🇫🇷 Attentat au couteau à Paris : 2 femmes interpellées en région parisienne.

   par C. Laudercq et R. Lefras.

Le procureur de Paris François Molins a annoncé durant sa conférence de presse ce jeudi soir, que deux femmes avaient été interpellées en région parisienne ce jour, dans le cadre de l’enquête sur l’attentat terroriste de Paris le 12 mai.

François Molins a également donné davantage de détails sur l’enquête en cours.

Abdul Hakim Anaeiv, présenté comme un ami proche du terroriste, qui était en garde à vue depuis dimanche après-midi, a été déféré en vue d’une mise en examen ce jeudi pour association de malfaiteurs terroristes. Son placement en détention provisoire a été requis.

Son téléphone n’a pas été retrouvé par les enquêteurs pour l’heure, ce dernier expliquant l’avoir égaré le dimanche matin, le lendemain de l’attentat et jour de son interpellation.

Mais le procureur de Paris a révélé que le suspect avait eu une activité internet « très soutenue » la nuit de l’attaque terroriste, avec un « bornage à Strasbourg ».

« Je t’aime Haki »

Abdul Hakim Anaeiv a également envoyé un chant djihadiste, souvent utilisé par l’EI, à sa sœur, par la messagerie instantanée WhatsApp, quelques heures avant l’attentat, à 19h16. L’homme a ensuite envoyé à 00h04, « Je t’aime Haki » sur un compte Twitter créé avec une adresse IP correspondante à celle de sa mère.
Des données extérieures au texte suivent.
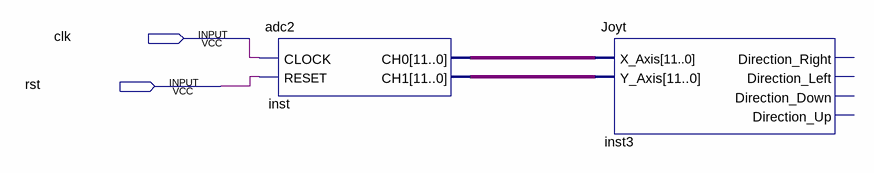
[diagram p0: schematic sheet]
// Quartus schematic PracF.bdf as structural Verilog: 2 symbols, 2 pins
module PracF (
  input  clk,
  input  rst
);

  wire [11:0] inst_ch0, inst_ch1;

  adc2 inst (.CLOCK(clk), .RESET(rst), .CH0(inst_ch0), .CH1(inst_ch1));
  Joyt inst3 (
    .X_Axis(inst_ch0), .Y_Axis(inst_ch1));  // open: Direction_Right, Direction_Left, Direction_Down, Direction_Up
endmodule

Le suspect nie toute implication dans l’attentat de Paris et affirme ne pas avoir eu de contacts avec Khamzat Azimov depuis plusieurs mois.

Le terroriste a installé Telegram la veille de l’attentat et a coupé son téléphone quelques heures avant l’attaque

L’assaillant au couteau a utilisé son téléphone portable la veille de l’attentat, et a installé l’application de messagerie Telegram. Le terroriste s’est servi de son téléphone le jour de l’attaque « jusqu’à 17h18 » a detaillé François Molins, « avec un bornage dans le XVIIIe arrondissement ». Son appareil a ensuite cessé d’émettre « à 18 heures ».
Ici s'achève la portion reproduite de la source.